# About this task
Report every line in the listing below where the string "Keying" shows up.
Start of Block
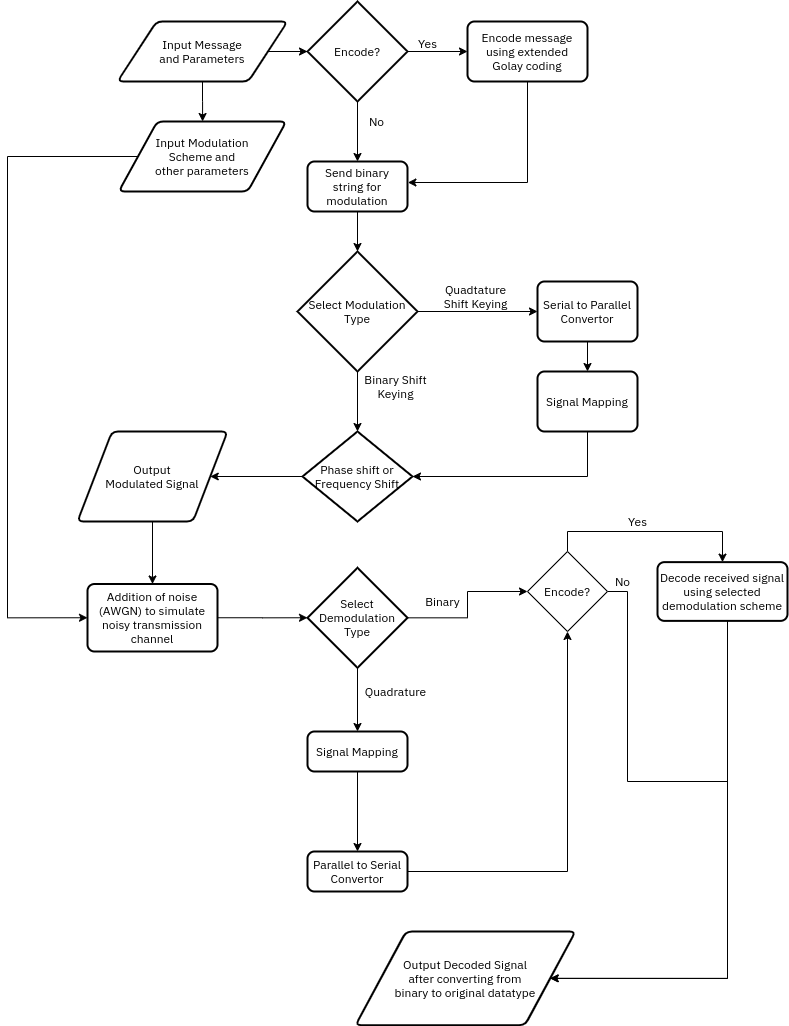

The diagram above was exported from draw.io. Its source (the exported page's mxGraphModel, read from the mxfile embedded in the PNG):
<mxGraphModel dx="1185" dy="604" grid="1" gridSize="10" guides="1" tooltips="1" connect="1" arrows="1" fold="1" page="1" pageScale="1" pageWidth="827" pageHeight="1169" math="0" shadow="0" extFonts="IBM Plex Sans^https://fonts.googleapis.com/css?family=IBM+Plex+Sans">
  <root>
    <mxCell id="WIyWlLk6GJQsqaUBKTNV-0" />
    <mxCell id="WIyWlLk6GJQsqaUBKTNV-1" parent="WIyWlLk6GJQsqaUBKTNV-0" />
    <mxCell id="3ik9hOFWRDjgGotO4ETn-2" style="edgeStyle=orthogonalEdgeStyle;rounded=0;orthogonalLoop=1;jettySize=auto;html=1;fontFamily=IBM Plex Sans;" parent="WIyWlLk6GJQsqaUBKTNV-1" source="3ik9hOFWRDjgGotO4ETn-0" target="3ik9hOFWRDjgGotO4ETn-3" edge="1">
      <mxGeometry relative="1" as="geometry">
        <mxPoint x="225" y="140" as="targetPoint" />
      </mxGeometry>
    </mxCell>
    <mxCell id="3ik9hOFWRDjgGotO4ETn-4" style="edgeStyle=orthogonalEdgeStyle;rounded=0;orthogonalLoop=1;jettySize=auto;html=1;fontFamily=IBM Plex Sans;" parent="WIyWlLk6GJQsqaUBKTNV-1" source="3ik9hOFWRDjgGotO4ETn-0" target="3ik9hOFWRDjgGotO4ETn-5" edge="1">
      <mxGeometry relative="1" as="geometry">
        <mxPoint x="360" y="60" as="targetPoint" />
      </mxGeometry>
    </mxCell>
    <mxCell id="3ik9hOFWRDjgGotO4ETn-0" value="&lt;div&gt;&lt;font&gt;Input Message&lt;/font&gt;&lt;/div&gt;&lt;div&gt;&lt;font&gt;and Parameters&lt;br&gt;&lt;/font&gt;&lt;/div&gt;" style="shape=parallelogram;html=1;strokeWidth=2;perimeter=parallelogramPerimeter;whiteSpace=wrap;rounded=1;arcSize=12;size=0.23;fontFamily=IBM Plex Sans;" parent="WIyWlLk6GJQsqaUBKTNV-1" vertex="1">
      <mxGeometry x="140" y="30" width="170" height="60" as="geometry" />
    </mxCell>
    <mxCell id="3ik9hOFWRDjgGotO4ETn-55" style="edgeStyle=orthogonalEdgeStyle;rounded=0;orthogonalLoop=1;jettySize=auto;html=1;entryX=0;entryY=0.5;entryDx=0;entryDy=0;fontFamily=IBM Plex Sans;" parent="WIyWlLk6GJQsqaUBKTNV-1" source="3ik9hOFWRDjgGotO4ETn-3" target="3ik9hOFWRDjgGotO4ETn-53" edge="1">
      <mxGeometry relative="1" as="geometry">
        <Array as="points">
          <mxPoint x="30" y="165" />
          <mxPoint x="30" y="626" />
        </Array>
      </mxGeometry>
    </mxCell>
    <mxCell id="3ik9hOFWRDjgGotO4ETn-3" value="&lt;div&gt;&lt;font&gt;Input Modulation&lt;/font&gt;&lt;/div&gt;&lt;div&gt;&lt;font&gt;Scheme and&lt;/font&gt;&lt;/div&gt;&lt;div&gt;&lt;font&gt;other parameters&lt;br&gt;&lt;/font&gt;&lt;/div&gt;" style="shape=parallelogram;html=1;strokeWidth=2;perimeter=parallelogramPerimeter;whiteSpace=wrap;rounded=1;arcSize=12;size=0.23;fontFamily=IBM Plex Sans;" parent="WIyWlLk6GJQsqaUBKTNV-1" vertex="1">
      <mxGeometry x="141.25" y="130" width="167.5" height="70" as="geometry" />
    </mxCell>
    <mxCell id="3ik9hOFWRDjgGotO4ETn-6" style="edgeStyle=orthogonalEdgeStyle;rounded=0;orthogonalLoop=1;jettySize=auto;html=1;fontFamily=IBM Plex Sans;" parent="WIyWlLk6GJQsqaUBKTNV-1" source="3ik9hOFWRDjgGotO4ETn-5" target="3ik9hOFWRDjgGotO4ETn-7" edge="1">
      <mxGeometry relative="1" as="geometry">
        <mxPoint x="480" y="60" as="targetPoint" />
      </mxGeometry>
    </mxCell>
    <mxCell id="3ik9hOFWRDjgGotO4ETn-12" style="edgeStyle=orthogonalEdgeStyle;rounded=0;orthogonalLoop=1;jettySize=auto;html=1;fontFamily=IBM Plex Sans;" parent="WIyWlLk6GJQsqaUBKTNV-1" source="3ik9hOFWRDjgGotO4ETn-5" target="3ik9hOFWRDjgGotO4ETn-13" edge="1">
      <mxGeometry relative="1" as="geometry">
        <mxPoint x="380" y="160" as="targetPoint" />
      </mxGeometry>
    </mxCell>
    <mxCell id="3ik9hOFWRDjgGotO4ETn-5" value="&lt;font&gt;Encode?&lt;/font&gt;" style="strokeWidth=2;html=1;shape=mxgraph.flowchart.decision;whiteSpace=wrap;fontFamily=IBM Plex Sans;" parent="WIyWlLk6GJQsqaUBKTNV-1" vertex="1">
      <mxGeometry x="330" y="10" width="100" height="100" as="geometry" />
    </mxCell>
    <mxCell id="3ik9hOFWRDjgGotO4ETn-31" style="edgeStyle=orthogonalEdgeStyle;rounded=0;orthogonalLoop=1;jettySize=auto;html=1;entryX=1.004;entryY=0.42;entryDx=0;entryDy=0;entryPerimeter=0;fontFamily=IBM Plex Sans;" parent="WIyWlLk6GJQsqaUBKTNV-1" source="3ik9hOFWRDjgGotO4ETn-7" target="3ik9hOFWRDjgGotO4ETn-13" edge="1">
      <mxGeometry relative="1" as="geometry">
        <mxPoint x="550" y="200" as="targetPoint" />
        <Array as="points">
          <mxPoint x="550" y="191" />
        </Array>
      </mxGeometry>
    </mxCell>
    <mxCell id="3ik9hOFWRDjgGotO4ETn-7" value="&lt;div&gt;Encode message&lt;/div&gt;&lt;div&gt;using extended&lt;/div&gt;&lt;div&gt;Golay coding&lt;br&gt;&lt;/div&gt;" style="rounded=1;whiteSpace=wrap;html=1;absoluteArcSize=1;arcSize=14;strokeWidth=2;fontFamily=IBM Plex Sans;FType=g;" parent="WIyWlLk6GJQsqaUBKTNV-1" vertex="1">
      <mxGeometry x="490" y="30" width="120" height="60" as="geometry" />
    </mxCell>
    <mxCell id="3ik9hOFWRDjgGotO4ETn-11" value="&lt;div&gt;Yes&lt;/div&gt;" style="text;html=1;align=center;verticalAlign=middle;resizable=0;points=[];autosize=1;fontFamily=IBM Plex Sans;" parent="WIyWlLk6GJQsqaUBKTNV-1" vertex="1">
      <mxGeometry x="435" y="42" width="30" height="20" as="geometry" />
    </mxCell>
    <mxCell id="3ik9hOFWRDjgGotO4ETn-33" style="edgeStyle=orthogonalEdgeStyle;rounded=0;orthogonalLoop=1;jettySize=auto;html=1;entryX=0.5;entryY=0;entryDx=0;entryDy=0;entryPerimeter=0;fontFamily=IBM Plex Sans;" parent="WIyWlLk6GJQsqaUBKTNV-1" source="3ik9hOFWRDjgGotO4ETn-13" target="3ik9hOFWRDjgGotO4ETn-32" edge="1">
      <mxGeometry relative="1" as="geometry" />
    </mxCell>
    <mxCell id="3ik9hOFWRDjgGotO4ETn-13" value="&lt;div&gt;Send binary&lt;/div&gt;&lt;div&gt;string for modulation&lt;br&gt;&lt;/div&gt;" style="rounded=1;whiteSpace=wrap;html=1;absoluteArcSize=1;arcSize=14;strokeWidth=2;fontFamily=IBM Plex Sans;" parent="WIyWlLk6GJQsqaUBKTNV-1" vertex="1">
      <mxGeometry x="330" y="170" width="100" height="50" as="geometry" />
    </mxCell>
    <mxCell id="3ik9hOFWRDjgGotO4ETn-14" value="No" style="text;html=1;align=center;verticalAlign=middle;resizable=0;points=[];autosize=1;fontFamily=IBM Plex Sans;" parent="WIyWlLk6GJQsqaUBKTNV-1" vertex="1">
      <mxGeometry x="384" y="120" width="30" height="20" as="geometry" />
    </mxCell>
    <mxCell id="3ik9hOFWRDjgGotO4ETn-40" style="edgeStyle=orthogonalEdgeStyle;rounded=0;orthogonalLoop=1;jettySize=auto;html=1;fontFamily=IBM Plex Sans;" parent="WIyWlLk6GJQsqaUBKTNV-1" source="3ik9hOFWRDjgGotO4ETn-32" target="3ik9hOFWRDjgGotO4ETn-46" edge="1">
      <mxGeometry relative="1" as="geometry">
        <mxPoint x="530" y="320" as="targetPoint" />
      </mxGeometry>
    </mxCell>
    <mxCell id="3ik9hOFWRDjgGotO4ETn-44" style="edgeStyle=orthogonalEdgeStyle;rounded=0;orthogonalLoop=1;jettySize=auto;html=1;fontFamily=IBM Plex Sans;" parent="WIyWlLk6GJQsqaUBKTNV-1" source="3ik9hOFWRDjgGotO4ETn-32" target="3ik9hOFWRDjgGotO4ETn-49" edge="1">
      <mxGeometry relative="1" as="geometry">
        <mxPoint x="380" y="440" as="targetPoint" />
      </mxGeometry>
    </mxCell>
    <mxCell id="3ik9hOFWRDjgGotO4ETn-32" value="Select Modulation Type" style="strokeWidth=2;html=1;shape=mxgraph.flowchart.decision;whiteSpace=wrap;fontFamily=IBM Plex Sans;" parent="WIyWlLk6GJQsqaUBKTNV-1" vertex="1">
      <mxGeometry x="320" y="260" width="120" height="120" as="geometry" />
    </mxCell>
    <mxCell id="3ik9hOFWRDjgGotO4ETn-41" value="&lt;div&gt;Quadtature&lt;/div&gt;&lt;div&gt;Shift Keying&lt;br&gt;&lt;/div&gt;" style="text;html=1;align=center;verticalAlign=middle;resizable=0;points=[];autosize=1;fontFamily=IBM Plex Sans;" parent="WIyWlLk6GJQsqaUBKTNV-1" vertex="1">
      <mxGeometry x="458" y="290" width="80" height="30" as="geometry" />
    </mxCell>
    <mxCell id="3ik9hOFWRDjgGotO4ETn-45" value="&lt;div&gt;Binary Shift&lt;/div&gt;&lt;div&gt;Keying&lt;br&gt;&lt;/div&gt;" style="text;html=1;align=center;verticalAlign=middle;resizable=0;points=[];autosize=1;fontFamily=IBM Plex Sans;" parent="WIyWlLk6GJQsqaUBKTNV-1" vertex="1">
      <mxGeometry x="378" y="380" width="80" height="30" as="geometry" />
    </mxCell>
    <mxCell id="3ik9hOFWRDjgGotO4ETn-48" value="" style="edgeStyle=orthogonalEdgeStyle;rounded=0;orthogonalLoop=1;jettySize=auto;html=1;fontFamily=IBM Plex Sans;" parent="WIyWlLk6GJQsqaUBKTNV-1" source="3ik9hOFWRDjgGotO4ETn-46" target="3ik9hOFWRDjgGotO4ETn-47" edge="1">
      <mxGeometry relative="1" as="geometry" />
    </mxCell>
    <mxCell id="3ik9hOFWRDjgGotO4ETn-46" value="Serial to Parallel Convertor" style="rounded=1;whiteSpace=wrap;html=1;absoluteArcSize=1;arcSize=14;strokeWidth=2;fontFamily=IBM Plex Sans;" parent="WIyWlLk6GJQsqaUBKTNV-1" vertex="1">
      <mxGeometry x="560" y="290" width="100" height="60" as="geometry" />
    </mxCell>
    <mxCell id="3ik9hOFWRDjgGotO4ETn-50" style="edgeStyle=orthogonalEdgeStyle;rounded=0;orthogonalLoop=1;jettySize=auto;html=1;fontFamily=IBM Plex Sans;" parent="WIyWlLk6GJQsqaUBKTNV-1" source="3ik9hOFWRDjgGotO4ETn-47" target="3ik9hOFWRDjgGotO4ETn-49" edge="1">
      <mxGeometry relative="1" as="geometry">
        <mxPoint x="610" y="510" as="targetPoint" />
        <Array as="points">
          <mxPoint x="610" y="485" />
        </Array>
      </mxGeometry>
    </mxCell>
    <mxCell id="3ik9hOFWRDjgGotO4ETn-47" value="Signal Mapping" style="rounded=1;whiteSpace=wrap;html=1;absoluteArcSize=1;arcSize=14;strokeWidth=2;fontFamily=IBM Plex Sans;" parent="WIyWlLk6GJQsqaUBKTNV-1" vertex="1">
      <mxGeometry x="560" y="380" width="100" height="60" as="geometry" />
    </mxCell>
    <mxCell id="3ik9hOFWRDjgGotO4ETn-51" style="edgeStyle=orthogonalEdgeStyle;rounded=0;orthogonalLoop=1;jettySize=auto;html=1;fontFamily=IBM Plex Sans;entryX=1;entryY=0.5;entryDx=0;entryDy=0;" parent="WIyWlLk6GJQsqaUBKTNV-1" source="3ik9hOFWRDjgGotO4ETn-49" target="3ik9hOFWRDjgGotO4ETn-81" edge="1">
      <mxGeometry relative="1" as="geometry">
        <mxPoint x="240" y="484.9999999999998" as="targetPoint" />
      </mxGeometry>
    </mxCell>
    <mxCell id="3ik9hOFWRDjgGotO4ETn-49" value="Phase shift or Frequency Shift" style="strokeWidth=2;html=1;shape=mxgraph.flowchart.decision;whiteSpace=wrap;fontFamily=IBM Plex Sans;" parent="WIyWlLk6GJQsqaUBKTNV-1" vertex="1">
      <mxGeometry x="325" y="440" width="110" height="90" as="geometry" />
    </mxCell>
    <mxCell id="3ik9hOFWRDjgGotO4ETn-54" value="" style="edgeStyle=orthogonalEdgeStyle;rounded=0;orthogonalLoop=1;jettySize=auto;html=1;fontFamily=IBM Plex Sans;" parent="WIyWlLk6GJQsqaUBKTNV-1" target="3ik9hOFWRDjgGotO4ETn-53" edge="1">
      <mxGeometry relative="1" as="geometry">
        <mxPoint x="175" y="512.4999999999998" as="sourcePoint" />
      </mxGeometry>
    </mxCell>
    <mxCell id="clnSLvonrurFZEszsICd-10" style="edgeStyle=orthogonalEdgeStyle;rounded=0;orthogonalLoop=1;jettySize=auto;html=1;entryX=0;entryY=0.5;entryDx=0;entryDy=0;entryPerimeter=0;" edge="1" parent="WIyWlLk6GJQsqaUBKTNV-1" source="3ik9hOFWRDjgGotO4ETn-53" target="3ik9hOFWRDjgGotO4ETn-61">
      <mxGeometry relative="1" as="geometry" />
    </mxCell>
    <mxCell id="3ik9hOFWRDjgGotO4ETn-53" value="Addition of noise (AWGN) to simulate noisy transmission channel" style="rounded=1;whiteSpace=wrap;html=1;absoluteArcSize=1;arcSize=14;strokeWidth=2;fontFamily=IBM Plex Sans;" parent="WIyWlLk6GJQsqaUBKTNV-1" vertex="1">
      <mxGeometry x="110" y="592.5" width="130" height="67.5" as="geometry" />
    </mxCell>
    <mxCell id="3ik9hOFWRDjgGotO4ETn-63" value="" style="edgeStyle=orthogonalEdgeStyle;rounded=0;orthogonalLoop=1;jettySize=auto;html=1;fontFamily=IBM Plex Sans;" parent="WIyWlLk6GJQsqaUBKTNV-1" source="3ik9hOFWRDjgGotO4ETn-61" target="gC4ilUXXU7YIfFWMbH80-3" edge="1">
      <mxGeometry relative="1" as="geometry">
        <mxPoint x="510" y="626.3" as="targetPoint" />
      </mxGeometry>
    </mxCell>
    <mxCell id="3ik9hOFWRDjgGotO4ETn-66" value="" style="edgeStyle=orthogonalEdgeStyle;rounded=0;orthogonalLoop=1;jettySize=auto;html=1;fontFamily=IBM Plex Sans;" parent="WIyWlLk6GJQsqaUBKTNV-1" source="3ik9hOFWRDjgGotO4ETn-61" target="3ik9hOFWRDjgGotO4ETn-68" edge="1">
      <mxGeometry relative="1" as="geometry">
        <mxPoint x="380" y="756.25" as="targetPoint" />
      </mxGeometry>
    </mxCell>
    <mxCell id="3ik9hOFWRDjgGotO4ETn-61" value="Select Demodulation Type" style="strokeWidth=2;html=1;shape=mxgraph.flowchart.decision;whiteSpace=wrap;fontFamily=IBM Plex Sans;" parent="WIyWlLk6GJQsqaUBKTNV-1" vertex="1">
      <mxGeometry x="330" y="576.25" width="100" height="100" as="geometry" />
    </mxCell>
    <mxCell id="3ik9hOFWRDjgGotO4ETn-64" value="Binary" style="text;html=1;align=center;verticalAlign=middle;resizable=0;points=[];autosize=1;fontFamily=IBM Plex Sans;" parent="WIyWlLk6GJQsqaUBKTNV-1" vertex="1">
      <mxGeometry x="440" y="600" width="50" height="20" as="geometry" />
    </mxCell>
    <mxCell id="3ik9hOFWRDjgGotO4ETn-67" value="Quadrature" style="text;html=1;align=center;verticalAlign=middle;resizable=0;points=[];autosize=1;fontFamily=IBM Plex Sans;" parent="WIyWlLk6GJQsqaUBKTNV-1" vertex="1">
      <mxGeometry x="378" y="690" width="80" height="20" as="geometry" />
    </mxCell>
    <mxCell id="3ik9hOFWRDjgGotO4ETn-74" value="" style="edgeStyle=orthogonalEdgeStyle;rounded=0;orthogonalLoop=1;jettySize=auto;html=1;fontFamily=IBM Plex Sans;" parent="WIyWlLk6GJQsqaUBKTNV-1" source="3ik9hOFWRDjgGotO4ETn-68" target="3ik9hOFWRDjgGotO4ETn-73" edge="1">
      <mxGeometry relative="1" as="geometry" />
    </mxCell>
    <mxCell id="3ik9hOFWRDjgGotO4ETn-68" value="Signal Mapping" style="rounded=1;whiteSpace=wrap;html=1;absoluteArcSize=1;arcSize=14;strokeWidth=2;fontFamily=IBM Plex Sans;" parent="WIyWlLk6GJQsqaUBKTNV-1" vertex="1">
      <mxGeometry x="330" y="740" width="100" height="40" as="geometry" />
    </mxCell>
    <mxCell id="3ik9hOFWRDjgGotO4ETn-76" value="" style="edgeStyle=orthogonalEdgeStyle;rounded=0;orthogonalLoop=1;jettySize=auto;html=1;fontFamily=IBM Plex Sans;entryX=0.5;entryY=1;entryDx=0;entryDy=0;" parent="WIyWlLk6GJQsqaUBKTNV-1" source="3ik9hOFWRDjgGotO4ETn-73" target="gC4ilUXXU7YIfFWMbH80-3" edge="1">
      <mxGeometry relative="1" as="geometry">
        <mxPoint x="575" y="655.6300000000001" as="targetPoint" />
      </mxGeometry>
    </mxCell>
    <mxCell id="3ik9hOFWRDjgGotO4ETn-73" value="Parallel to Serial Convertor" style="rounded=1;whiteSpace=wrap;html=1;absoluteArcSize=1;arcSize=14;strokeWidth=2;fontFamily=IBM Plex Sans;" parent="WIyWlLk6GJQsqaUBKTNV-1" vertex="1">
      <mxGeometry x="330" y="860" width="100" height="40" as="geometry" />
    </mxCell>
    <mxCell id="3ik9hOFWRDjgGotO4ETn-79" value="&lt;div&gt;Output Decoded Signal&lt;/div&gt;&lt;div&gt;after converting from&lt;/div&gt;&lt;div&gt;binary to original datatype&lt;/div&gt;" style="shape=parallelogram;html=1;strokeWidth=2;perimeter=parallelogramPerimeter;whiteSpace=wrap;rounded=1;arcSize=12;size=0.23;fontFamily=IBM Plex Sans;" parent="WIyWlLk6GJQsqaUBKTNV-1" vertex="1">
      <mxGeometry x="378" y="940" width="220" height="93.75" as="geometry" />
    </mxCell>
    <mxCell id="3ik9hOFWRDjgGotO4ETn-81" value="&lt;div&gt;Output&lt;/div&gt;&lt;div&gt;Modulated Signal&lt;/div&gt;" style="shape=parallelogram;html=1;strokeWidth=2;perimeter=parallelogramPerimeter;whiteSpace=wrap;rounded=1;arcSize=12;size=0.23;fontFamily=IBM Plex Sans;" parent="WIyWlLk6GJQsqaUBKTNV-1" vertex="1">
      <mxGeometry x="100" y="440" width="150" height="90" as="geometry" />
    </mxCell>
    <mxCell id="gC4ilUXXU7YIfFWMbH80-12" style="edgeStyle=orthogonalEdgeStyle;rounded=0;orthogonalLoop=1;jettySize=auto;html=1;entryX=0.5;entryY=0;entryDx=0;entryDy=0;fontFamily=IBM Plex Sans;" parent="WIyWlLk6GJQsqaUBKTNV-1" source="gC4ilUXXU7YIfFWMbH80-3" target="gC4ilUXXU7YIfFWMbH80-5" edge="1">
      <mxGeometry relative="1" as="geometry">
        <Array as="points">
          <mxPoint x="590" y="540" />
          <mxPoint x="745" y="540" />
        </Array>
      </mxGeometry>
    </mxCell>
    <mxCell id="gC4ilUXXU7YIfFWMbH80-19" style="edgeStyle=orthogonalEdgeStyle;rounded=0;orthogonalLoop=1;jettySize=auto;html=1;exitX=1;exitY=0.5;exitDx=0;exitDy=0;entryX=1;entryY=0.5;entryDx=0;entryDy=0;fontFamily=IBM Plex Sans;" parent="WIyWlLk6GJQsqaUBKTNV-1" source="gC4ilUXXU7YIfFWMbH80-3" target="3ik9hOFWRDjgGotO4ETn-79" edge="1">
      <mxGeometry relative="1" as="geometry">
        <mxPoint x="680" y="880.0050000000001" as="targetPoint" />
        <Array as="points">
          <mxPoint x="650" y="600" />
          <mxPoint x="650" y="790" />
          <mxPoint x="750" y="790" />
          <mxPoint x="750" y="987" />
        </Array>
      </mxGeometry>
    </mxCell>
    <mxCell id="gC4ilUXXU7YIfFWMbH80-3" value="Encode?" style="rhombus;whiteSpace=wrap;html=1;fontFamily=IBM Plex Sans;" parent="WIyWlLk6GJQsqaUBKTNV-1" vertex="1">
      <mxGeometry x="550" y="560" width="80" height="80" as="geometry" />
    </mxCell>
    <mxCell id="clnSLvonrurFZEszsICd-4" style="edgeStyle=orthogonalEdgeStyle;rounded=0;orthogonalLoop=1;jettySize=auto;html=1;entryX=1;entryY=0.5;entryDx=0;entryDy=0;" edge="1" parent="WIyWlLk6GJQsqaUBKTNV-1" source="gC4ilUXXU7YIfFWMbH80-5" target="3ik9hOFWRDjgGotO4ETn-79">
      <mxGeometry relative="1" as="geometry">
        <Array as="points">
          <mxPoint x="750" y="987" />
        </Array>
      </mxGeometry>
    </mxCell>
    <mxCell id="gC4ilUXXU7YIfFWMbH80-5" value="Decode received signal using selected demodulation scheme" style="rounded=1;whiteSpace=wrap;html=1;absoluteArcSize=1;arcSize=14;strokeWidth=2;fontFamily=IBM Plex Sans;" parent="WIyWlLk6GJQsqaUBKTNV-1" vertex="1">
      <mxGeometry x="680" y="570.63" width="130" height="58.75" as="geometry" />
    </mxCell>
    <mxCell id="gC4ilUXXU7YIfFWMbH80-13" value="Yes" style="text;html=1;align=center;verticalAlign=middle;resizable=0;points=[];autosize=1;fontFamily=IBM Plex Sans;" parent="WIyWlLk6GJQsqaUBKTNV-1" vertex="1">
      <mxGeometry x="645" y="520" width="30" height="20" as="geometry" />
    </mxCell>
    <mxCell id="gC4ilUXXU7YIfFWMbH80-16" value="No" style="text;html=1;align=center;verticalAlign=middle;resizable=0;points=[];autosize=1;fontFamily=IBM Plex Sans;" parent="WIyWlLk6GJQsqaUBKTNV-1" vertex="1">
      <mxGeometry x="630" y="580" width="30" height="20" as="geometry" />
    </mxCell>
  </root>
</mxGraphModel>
End of Block
# Written solution
    <mxCell id="3ik9hOFWRDjgGotO4ETn-41" value="&lt;div&gt;Quadtature&lt;/div&gt;&lt;div&gt;Shift Keying&lt;br&gt;&lt;/div&gt;" style="text;html=1;align=center;verticalAlign=middle;resizable=0;points=[];autosize=1;fontFamily=IBM Plex Sans;" parent="WIyWlLk6GJQsqaUBKTNV-1" vertex="1">
    <mxCell id="3ik9hOFWRDjgGotO4ETn-45" value="&lt;div&gt;Binary Shift&lt;/div&gt;&lt;div&gt;Keying&lt;br&gt;&lt;/div&gt;" style="text;html=1;align=center;verticalAlign=middle;resizable=0;points=[];autosize=1;fontFamily=IBM Plex Sans;" parent="WIyWlLk6GJQsqaUBKTNV-1" vertex="1">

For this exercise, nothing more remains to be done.